Dataset entries:
——————
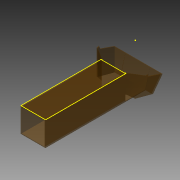
# Autodesk Inventor part: Ball Collector
Saved by Autodesk Inventor 2013 (Build 170138000, 138)
## iProperties
Created: 2014-09-14
Part Number: Ball Collector
Document SubType Name: Modeling
Designer: Family Room
Density: 1 g/cm^3
Material: Generic
Author: Family Room
Autodesk Inventor part; units mm, degrees
sketch "Sketch1" plane through (0, 0, 0) normal (0, 0, 1) x (1, 0, 0)
  line L0 (0, 0) -> (95.25, 0)
  line L1 (95.25, 0) -> (95.25, 95.25)
  line L2 (95.25, 95.25) -> (0, 95.25)
  line L3 (0, 95.25) -> (0, 0)
  line L4 (-3.175, -3.175) -> (98.425, -3.175)
  line L5 (98.425, -3.175) -> (98.425, 98.425)
  line L6 (98.425, 98.425) -> (-3.175, 98.425)
  line L7 (-3.175, 98.425) -> (-3.175, -3.175)
  dimension "d0" = 95.25
  dimension "d1" = 95.25
  dimension "d2" = 3.175
  constraints: 16 end point, 4 parallel, 2 perpendicular, 1 horizontal, 3 other
  measures "d0" distance of L2.end L1.end
  measures "d1" distance of L1.end L0.end
  measures "d2" distance between parallel lines of L7 L3
sketch "Sketch1 outline for Extrusion1" plane through (0, 0, 0) normal (0, 0, 1) x (1, 0, 0)
  line L0 (-3.175, 98.425) -> (-3.175, -3.175)
  line L1 (98.425, 98.425) -> (-3.175, 98.425)
  line L2 (-3.175, -3.175) -> (98.425, -3.175)
  line L3 (98.425, -3.175) -> (98.425, 98.425)
  line L4 (0, 95.25) -> (0, 0)
  line L5 (0, 0) -> (95.25, 0)
  line L6 (95.25, 0) -> (95.25, 95.25)
  line L7 (95.25, 95.25) -> (0, 95.25)
extrude "Extrusion1" add sketch "Sketch1 outline for Extrusion1" along normal blind 406.4
sketch "Sketch3" plane through (0, 0, 0) normal (0, 0, -1) x (-1, 0, 0)
  line L0 (0, 95.25) -> (0, 0) projected
  line L1 (0, 0) -> (-95.25, 0) projected
  line L2 (-95.25, 0) -> (-95.25, 95.25) projected
  line L3 (-95.25, 95.25) -> (0, 95.25) projected
  line L4 (3.175, -3.175) -> (-98.425, -3.175) projected
  line L5 (3.175, 98.425) -> (3.175, -3.175) projected
  line L6 (-98.425, 98.425) -> (3.175, 98.425) projected
  line L7 (-98.425, -3.175) -> (-98.425, 98.425) projected
sketch "Sketch3 outline for Extrusion2" plane through (0, 0, 0) normal (0, 0, -1) x (-1, 0, 0)
  line L0 (-98.425, 98.425) -> (-98.425, -3.175)
  line L1 (3.175, 98.425) -> (-98.425, 98.425)
  line L2 (-98.425, -3.175) -> (3.175, -3.175)
  line L3 (3.175, -3.175) -> (3.175, 98.425)
  line L4 (-95.25, 95.25) -> (0, 95.25)
  line L5 (-95.25, 0) -> (-95.25, 95.25)
  line L6 (0, 0) -> (-95.25, 0)
  line L7 (0, 95.25) -> (0, 0)
extrude "Extrusion2" cut sketch "Sketch3 outline for Extrusion2" against normal blind 50.8
sketch "Sketch4" plane through (-3.175, 98.425, 406.4) normal (0, 1, 0) x (1, 0, 0)
  line L0 (101.6, 355.6) -> (0, 355.6) projected
  line L1 (0, 355.6) -> (0, 0) projected
  line L2 (101.6, 355.6) -> (0, 355.6)
  line L3 (0, 355.6) -> (0, 266.7)
  line L4 (0, 266.7) -> (101.6, 266.7)
  line L5 (101.6, 266.7) -> (101.6, 355.6)
  point P0 (3.175, 406.4)
  dimension "d7" = 88.9
  constraints: 8 end point, 2 parallel, 1 horizontal, 1 perpendicular, 1 point on line
  measures "d7" distance of L3.end L2.end
sketch "Sketch4 outline for Extrusion3" plane through (-3.175, 98.425, 406.4) normal (0, 1, 0) x (1, 0, 0)
  line L0 (101.6, 266.7) -> (101.6, 355.6)
  line L1 (0, 266.7) -> (101.6, 266.7)
  line L2 (0, 355.6) -> (0, 266.7)
  line L3 (101.6, 355.6) -> (0, 355.6)
extrude "Extrusion3" cut sketch "Sketch4 outline for Extrusion3" against normal blind 98.425
sketch "Sketch5" plane through (0, 0, 50.8) normal (0, 0, -1) x (-1, 0, 0)
  line L0 (3.175, 0) -> (-98.425, 0)
  line L1 (-98.425, -3.175) -> (-98.425, 0)
  line L2 (3.175, 0) -> (3.175, -3.175)
  line L3 (3.175, -3.175) -> (55.29887, 140.034155)
  line L4 (3.175, -3.175) -> (155.575, -3.175) construction
  line L5 (-98.425, -3.175) -> (-150.54887, 140.034155)
  line L6 (-98.425, -3.175) -> (53.975, -3.175) construction
  line L7 (-98.425, -3.175) -> (3.175, -3.175)
  line L8 (-98.425, 98.425) -> (40.154376, 98.425)
  line L9 (-98.425, 98.425) -> (-135.404376, 98.425)
  point P0 (0, 0)
  dimension "d10" = 152.4
  dimension "d11" = 70
  dimension "d12" = 152.4
  dimension "d13" = 110
  dimension "d14" = 101.6
  constraints: 14 end point, 2 collinear, 2 equal length, 2 horizontal, 2 point on line
  measures "d10" distance of L2.end L3.end
  measures "d11" angle of L4 L3
  measures "d12" distance of L1.start L5.end
  measures "d13" angle of L6 L5
  measures "d14" distance of L1.start L8.start
sketch "Sketch5 outline for Extrusion4" plane through (0, 0, 50.8) normal (0, 0, -1) x (-1, 0, 0)
  line L0 (-98.425, 0) -> (3.175, 0)
  line L1 (-98.425, -3.175) -> (-98.425, 0)
  line L2 (-135.404376, 98.425) -> (-98.425, -3.175)
  line L3 (-98.425, 98.425) -> (-135.404376, 98.425)
  line L4 (40.154376, 98.425) -> (-98.425, 98.425)
  line L5 (3.175, -3.175) -> (40.154376, 98.425)
  line L6 (3.175, 0) -> (3.175, -3.175)
extrude "Extrusion4" add sketch "Sketch5 outline for Extrusion4" against normal blind 3.175
sketch "Sketch6" plane through (0, 0, 53.975) normal (0, 0, 1) x (1, 0, 0)
  line L0 (-3.175, -3.175) -> (-40.154376, 98.425)
  line L1 (135.404376, 98.425) -> (98.425, -3.175)
  line L2 (-40.154376, 98.425) -> (135.404376, 98.425)
  line L3 (98.425, -3.175) -> (135.404376, 98.425)
  line L4 (-40.154376, 98.425) -> (-3.175, -3.175)
  line L5 (-3.175, -3.175) -> (98.425, -3.175)
  line L6 (130.870006, 95.25) -> (96.201841, 0)
  line L7 (96.201841, 0) -> (-0.951841, 0)
  line L8 (-0.951841, 0) -> (-35.620006, 95.25)
  line L9 (130.870006, 95.25) -> (132.025611, 98.425)
  line L10 (98.964652, 7.590761) -> (101.948176, 6.504847)
  line L11 (-3.714652, 7.590761) -> (-6.698176, 6.504847)
  line L12 (-35.620006, 95.25) -> (-36.775611, 98.425)
  line L13 (135.404376, 98.425) -> (132.025611, 98.425)
  line L14 (-36.775611, 98.425) -> (-40.154376, 98.425)
  point P0 (0, 0)
  constraints: 24 end point, 5 collinear, 4 point on line, 3 perpendicular, 2 parallel, 2 other
sketch "Sketch6 outline for Extrusion5" plane through (0, 0, 53.975) normal (0, 0, 1) x (1, 0, 0)
  line L0 (101.948176, 6.504847) -> (135.404376, 98.425)
  line L1 (135.404376, 98.425) -> (132.025611, 98.425)
  line L2 (132.025611, 98.425) -> (98.964652, 7.590761)
  line L3 (98.964652, 7.590761) -> (101.948176, 6.504847)
  line L4 (-36.775611, 98.425) -> (-40.154376, 98.425)
  line L5 (-40.154376, 98.425) -> (-6.698176, 6.504847)
  line L6 (-6.698176, 6.504847) -> (-3.714652, 7.590761)
  line L7 (-3.714652, 7.590761) -> (-36.775611, 98.425)
extrude "Extrusion5" add sketch "Sketch6 outline for Extrusion5" along normal blind 82.55
sketch "Sketch7" plane through (0, 0, 406.4) normal (0, 0, 1) x (1, 0, 0)
  line L0 (0, 0) -> (0, 95.25) projected
  line L1 (0, 95.25) -> (95.25, 95.25) projected
  line L2 (95.25, 95.25) -> (95.25, 0) projected
  line L3 (95.25, 0) -> (0, 0) projected
  line L4 (-3.175, -3.175) -> (-3.175, 98.425) projected
  line L5 (98.425, -3.175) -> (-3.175, -3.175) projected
  line L6 (98.425, 98.425) -> (98.425, -3.175) projected
  line L7 (-3.175, 98.425) -> (98.425, 98.425) projected
sketch "Sketch7 outline for Extrusion6" plane through (0, 0, 406.4) normal (0, 0, 1) x (1, 0, 0)
  line L0 (98.425, 98.425) -> (-3.175, 98.425)
  line L1 (98.425, -3.175) -> (98.425, 98.425)
  line L2 (-3.175, 98.425) -> (-3.175, -3.175)
  line L3 (-3.175, -3.175) -> (98.425, -3.175)
  line L4 (95.25, 0) -> (0, 0)
  line L5 (95.25, 95.25) -> (95.25, 0)
  line L6 (0, 95.25) -> (95.25, 95.25)
  line L7 (0, 0) -> (0, 95.25)
extrude "Extrusion6" add sketch "Sketch7 outline for Extrusion6" along normal blind 88.9
ref_plane "Work Plane1" through (47.625, 0, 139.7) normal (-1, 0, 0) x (0, 0, 1)
sketch "Sketch8" plane through (98.425, 0, 139.7) normal (1, 0, 0) x (0, 0, -1)
  line L0 (85.725, -3.175) -> (-355.6, -3.175)
  line L1 (209.478818, 0) -> (209.478818, 140.094792)
  line L2 (209.478818, 140.094792) -> (0, 140.094792)
  line L3 (0, 140.094792) -> (0, 0)
  line L4 (0, 0) -> (209.478818, 0)
  point P0 (139.7, 0)
  point P1 (0, -3.175)
  constraints: 8 end point, 2 point on line, 1 parallel, 1 perpendicular
sketch "Sketch8 outline for Extrusion7" plane through (98.425, 0, 139.7) normal (1, 0, 0) x (0, 0, -1)
  line L0 (209.478818, 140.094792) -> (209.478818, 0)
  line L1 (209.478818, 0) -> (0, 0)
  line L2 (0, 0) -> (0, 140.094792)
  line L3 (0, 140.094792) -> (209.478818, 140.094792)
extrude "Extrusion7" cut sketch "Sketch8 outline for Extrusion7" along normal through all both and the other way through all
sketch "Sketch9" plane through (0, 0, 495.3) normal (0, 0, 1) x (1, 0, 0)
  line L0 (0, 95.25) -> (95.25, 95.25) projected
  line L1 (95.25, 95.25) -> (95.25, 0) projected
  line L2 (95.25, 0) -> (0, 0) projected
  line L3 (0, 0) -> (0, 95.25) projected
  line L4 (-3.175, 98.425) -> (98.425, 98.425) projected
  line L5 (-3.175, -3.175) -> (-3.175, 98.425) projected
  line L6 (98.425, -3.175) -> (-3.175, -3.175) projected
  line L7 (98.425, 98.425) -> (98.425, -3.175) projected
sketch "Sketch9 outline for Extrusion8" plane through (0, 0, 495.3) normal (0, 0, 1) x (1, 0, 0)
  line L0 (98.425, -3.175) -> (98.425, 98.425)
  line L1 (-3.175, -3.175) -> (98.425, -3.175)
  line L2 (98.425, 98.425) -> (-3.175, 98.425)
  line L3 (-3.175, 98.425) -> (-3.175, -3.175)
  line L4 (0, 0) -> (0, 95.25)
  line L5 (95.25, 0) -> (0, 0)
  line L6 (95.25, 95.25) -> (95.25, 0)
  line L7 (0, 95.25) -> (95.25, 95.25)
extrude "Extrusion8" cut sketch "Sketch9 outline for Extrusion8" against normal blind 25.4
ref_plane "Work Plane3" through (99.580605, 0, 53.975) normal (1, 0, 0) x (0, 0, -1)
sketch "Sketch11" plane through (99.580605, 0, 53.975) normal (1, 0, 0) x (0, 0, -1)
  line L0 (0, 0) -> (4.92371, 0)
  line L1 (4.92371, 0) -> (4.92371, -5.872358)
  line L2 (4.92371, -5.872358) -> (0, -5.872358)
  line L3 (0, -5.872358) -> (0, 0)
  point P0 (53.975, 0)
  constraints: 8 end point, 2 parallel, 1 horizontal, 1 perpendicular
sketch "Sketch11 outline for Extrusion9" plane through (99.580605, 0, 53.975) normal (1, 0, 0) x (0, 0, -1)
  line L0 (0, 0) -> (4.92371, 0)
  line L1 (4.92371, 0) -> (4.92371, -5.872358)
  line L2 (4.92371, -5.872358) -> (0, -5.872358)
  line L3 (0, -5.872358) -> (0, 0)
extrude "Extrusion9" cut sketch "Sketch11 outline for Extrusion9" against normal through all
sketch "Sketch12" plane through (98.425, 0, 139.7) normal (1, 0, 0) x (0, 0, -1)
  line L0 (85.725, -3.175) -> (85.725, 0)
  line L1 (85.725, 0) -> (0, 0)
  line L2 (85.725, -3.175) -> (115.308017, 107.230322)
  line L3 (85.725, -3.175) -> (200.025, -3.175) construction
  line L4 (115.308017, 107.230322) -> (112.241202, 108.052072)
  line L5 (112.241202, 108.052072) -> (81.725693, 0)
  line L6 (81.725693, 0) -> (85.725, -3.175)
  point P0 (139.7, 0)
  dimension "d29" = 114.3
  dimension "d30" = 75
  dimension "d31" = 3.175
  constraints: 10 end point, 1 equal length, 1 horizontal, 1 perpendicular, 1 point on line
  measures "d29" distance of L0.start L2.end
  measures "d30" angle of L3 L2
  measures "d31" distance of L2.end L4.end
sketch "Sketch12 outline for Extrusion10" plane through (98.425, 0, 139.7) normal (1, 0, 0) x (0, 0, -1)
  line L0 (85.725, 0) -> (85.725, -3.175)
  line L1 (81.725693, 0) -> (85.725, 0)
  line L2 (112.241202, 108.052072) -> (81.725693, 0)
  line L3 (115.308017, 107.230322) -> (112.241202, 108.052072)
  line L4 (85.725, -3.175) -> (115.308017, 107.230322)
extrude "Extrusion10" add sketch "Sketch12 outline for Extrusion10" against normal blind 101.6
sketch "Sketch13" plane through (98.425, 107.230322, 24.391983) normal (0, -0.258819, -0.9659258) x (-1, 0, 0)
  line L0 (101.6, -114.3) -> (101.6, 0)
  line L1 (0, 0) -> (101.6, 0)
  line L2 (0, -114.3) -> (0, 0)
  line L3 (101.6, -114.3) -> (0, -114.3)
  line L4 (0, -114.3) -> (101.6, -114.3)
  line L5 (101.6, -114.3) -> (130.175, -114.3)
  line L6 (130.175, -114.3) -> (160.801593, 0)
  line L7 (0, -114.3) -> (-28.575, -114.3)
  line L8 (-28.575, -114.3) -> (-59.201593, 0)
  line L9 (160.801593, 0) -> (-59.201593, 0)
  point P0 (98.425, -97.263428)
  dimension "d34" = 28.575
  dimension "d35" = 105
  dimension "d36" = 28.575
  dimension "d37" = 105
  dimension "d40" = 114.3
  constraints: 12 end point, 3 collinear, 1 parallel
  measures "d34" distance of L0.start L5.end
  measures "d35" angle of L6 L5
  measures "d36" distance of L2.start L7.end
  measures "d37" angle of L7 L8
  measures "d40" distance between parallel lines of L3 L9
sketch "Sketch13 outline for Extrusion11" plane through (98.425, 107.230322, 24.391983) normal (0, -0.258819, -0.9659258) x (-1, 0, 0)
  line L0 (-28.575, -114.3) -> (0, -114.3)
  line L1 (-59.201593, 0) -> (-28.575, -114.3)
  line L2 (0, 0) -> (-59.201593, 0)
  line L3 (0, 0) -> (0, -114.3)
  line L4 (101.6, -114.3) -> (101.6, 0)
  line L5 (160.801593, 0) -> (101.6, 0)
  line L6 (130.175, -114.3) -> (160.801593, 0)
  line L7 (101.6, -114.3) -> (130.175, -114.3)
extrude "Extrusion11" add sketch "Sketch13 outline for Extrusion11" against normal blind 3.175
sketch "Sketch14" plane through (127, -3.175, 53.975) normal (0, -0.258819, -0.9659258) x (-1, 0, 0)
  line L0 (189.376593, 114.3) -> (-30.626593, 114.3)
  line L1 (-30.626593, 114.3) -> (0, 0)
  line L2 (130.175, 0) -> (158.75, 0)
  line L3 (158.75, 0) -> (189.376593, 114.3)
  line L4 (-30.626593, 114.3) -> (0, 0)
  line L5 (0, 0) -> (158.75, 0)
  line L6 (158.75, 0) -> (189.376593, 114.3)
  line L7 (186.309778, 115.12175) -> (156.313737, 3.175)
  line L8 (156.313737, 3.175) -> (2.436263, 3.175)
  line L9 (2.436263, 3.175) -> (-27.559778, 115.12175)
  line L10 (-30.626593, 114.3) -> (-27.339591, 114.3)
  line L11 (189.376593, 114.3) -> (186.089591, 114.3)
  line L12 (0, 0) -> (28.575, 0)
  line L13 (156.313737, 3.175) -> (155.462998, 0)
  line L14 (2.436263, 3.175) -> (3.287002, 0)
  point P0 (127, 17.036572)
  dimension "d41" = 3.175
  constraints: 20 end point, 6 point on line, 5 collinear, 2 other
  measures "d41" distance between parallel lines of L2 L8
sketch "Sketch14 outline for Extrusion12" plane through (127, -3.175, 53.975) normal (0, -0.258819, -0.9659258) x (-1, 0, 0)
  line L0 (158.75, 0) -> (189.376593, 114.3)
  line L1 (189.376593, 114.3) -> (186.089591, 114.3)
  line L2 (186.089591, 114.3) -> (155.462998, 0)
  line L3 (155.462998, 0) -> (158.75, 0)
  line L4 (-27.339591, 114.3) -> (-30.626593, 114.3)
  line L5 (-30.626593, 114.3) -> (0, 0)
  line L6 (0, 0) -> (3.287002, 0)
  line L7 (3.287002, 0) -> (-27.339591, 114.3)
extrude "Extrusion12" add sketch "Sketch14 outline for Extrusion12" against normal blind 76.2
sketch "Sketch15" plane through (98.425, 98.425, 139.7) normal (0, 0, -1) x (-1, 0, 0)
  line L0 (3.175, -3.175) -> (3.175, -98.425) projected
  line L1 (0, 0) -> (3.175, 0)
  line L2 (3.175, 0) -> (3.175, -76.2)
  line L3 (3.175, -76.2) -> (0, -76.2)
  line L4 (0, -76.2) -> (0, 0)
  dimension "d44" = 76.2
  constraints: 8 end point, 2 parallel, 1 horizontal, 1 perpendicular, 1 point on line
  measures "d44" distance of L1.end L2.end
sketch "Sketch15 outline for Extrusion13" plane through (98.425, 98.425, 139.7) normal (0, 0, -1) x (-1, 0, 0)
  line L0 (3.175, 0) -> (0, 0)
  line L1 (3.175, -76.2) -> (3.175, 0)
  line L2 (0, -76.2) -> (3.175, -76.2)
  line L3 (0, 0) -> (0, -76.2)
extrude "Extrusion13" add sketch "Sketch15 outline for Extrusion13" along normal blind 2.54
loft "Loft1" add section 1 edges at (96.8375, 98.425, 137.16) (98.425, 60.325, 137.16) (96.8375, 22.225, 137.16) (95.25, 60.325, 137.16) section 2 edges at (125.356499, 16.547011, 127.578548) (142.313296, 71.749672, 112.78704) (155.983092, 126.952333, 97.995531) (139.026294, 71.749672, 112.78704)
sketch "Sketch16" plane through (95.25, 98.425, 139.7) normal (0, 0, -1) x (-1, 0, 0)
  line L0 (95.25, -98.425) -> (95.25, -3.175) projected
  line L1 (98.425, 0) -> (95.25, 0)
  line L2 (95.25, 0) -> (95.25, -76.2)
  line L3 (95.25, -76.2) -> (98.425, -76.2)
  line L4 (98.425, -76.2) -> (98.425, 0)
  dimension "d51" = 76.2
  constraints: 8 end point, 2 parallel, 1 horizontal, 1 perpendicular, 1 point on line
  measures "d51" distance of L2.end L1.end
sketch "Sketch16 outline for Extrusion14" plane through (95.25, 98.425, 139.7) normal (0, 0, -1) x (-1, 0, 0)
  line L0 (95.25, 0) -> (95.25, -76.2)
  line L1 (98.425, 0) -> (95.25, 0)
  line L2 (98.425, -76.2) -> (98.425, 0)
  line L3 (95.25, -76.2) -> (98.425, -76.2)
extrude "Extrusion14" add sketch "Sketch16 outline for Extrusion14" along normal blind 2.54
loft "Loft2" add section 1 edges at (0, 60.325, 137.16) (-1.5875, 22.225, 137.16) (-3.175, 60.325, 137.16) (-1.5875, 98.425, 137.16) section 2 edges at (-43.776294, 71.749672, 112.78704) (-60.733092, 126.952333, 97.995531) (-47.063296, 71.749672, 112.78704) (-30.106499, 16.547011, 127.578548)
ref_plane "Work Plane4" through (-62.376593, 126.952333, 97.995531) normal (-1, 0, 0) x (0, 0, 1)
sketch "Sketch17" plane through (-62.376593, 126.952333, 97.995531) normal (-1, 0, 0) x (0, 0, 1)
  line L0 (0, 0) -> (39.581959, 0)
  line L1 (39.581959, 0) -> (39.581959, -28.813692)
  line L2 (39.581959, -28.813692) -> (0, -28.813692)
  line L3 (0, -28.813692) -> (-21.532096, -5.667761)
  line L4 (-21.532096, -5.667761) -> (0, 0)
  point P0 (-97.995531, -126.952333)
  constraints: 10 end point, 1 horizontal, 1 parallel, 1 perpendicular
sketch "Sketch17 outline for Extrusion15" plane through (-62.376593, 126.952333, 97.995531) normal (-1, 0, 0) x (0, 0, 1)
  line L0 (0, 0) -> (39.581959, 0)
  line L1 (39.581959, 0) -> (39.581959, -28.813692)
  line L2 (39.581959, -28.813692) -> (0, -28.813692)
  line L3 (0, -28.813692) -> (-21.532096, -5.667761)
  line L4 (-21.532096, -5.667761) -> (0, 0)
extrude "Extrusion15" cut sketch "Sketch17 outline for Extrusion15" against normal through all
ref_plane "Work Plane5" through (-62.376593, 121.203127, 76.539202) normal (-1, 0, 0) x (0, 0, 1)
sketch "Sketch18" plane through (-62.376593, 121.203127, 76.539202) normal (-1, 0, 0) x (0, 0, 1)
  line L0 (19.452148, -31.292775) -> (-58.109978, -57.697076)
  line L1 (19.452148, -31.292775) -> (24.815614, 22.153396)
  line L2 (24.815614, 22.153396) -> (-54.454563, 58.685988)
  line L3 (-58.109978, -57.697076) -> (-54.454563, 58.685988)
  point P0 (-76.539202, -121.203127)
  constraints: 8 end point
sketch "Sketch18 outline for Extrusion16" plane through (-62.376593, 121.203127, 76.539202) normal (-1, 0, 0) x (0, 0, 1)
  line L0 (19.452148, -31.292775) -> (-58.109978, -57.697076)
  line L1 (-58.109978, -57.697076) -> (-54.454563, 58.685988)
  line L2 (-54.454563, 58.685988) -> (24.815614, 22.153396)
  line L3 (24.815614, 22.153396) -> (19.452148, -31.292775)
extrude "Extrusion16" cut sketch "Sketch18 outline for Extrusion16" against normal through all
sketch "Sketch19" plane through (0, 98.425, 139.7) normal (0, 1, 0) x (1, 0, 0)
  line L0 (-3.175, 2.12251) -> (-3.175, -330.2)
  line L1 (-3.175, -330.2) -> (98.425, -330.2)
  line L2 (98.425, 2.12251) -> (98.425, -330.2)
  line L3 (95.25, 0) -> (0, 0)
  line L4 (-3.175, 0) -> (12.827, 0)
  line L5 (12.827, 0) -> (12.827, -38.1)
  line L6 (98.425, 0) -> (82.423, 0)
  line L7 (82.423, 0) -> (82.423, -38.1)
  line L8 (-3.175, -330.2) -> (12.827, -330.2)
  line L9 (98.425, -330.2) -> (82.423, -330.2)
  line L10 (82.423, -330.2) -> (82.423, -254)
  line L11 (12.827, -330.2) -> (12.827, -254)
  point P0 (0, 139.7)
  dimension "d62" = 16.002
  dimension "d63" = 38.1
  dimension "d64" = 16.002
  dimension "d65" = 76.2
  dimension "d66" = 76.2
  constraints: 16 end point, 7 point on line, 4 coincident, 3 perpendicular, 1 parallel
  measures "d62" distance of L4.start L4.end
  measures "d63" distance of L4.end L5.end
  measures "d64" distance of L6.start L6.end
  measures "d65" distance of L9.end L10.end
  measures "d66" distance of L8.end L11.end
hole "Hole1" at (12.827, 98.425, 177.8) at (82.423, 98.425, 177.8) at (12.827, 98.425, 393.7) at (82.423, 98.425, 393.7) direction (0, -1, 0) diameter 7.62 depth 25.4 tip angle 118
equation "\"d0\" = d1"
body "Solid1"
——————
An exact, complete copy of the lines above from the one with "line L8 (-28.575, -114.3)" through the one with "angle of L7 L8" is the whole answer.

  line L8 (-28.575, -114.3) -> (-59.201593, 0)
  line L9 (160.801593, 0) -> (-59.201593, 0)
  point P0 (98.425, -97.263428)
  dimension "d34" = 28.575
  dimension "d35" = 105
  dimension "d36" = 28.575
  dimension "d37" = 105
  dimension "d40" = 114.3
  constraints: 12 end point, 3 collinear, 1 parallel
  measures "d34" distance of L0.start L5.end
  measures "d35" angle of L6 L5
  measures "d36" distance of L2.start L7.end
  measures "d37" angle of L7 L8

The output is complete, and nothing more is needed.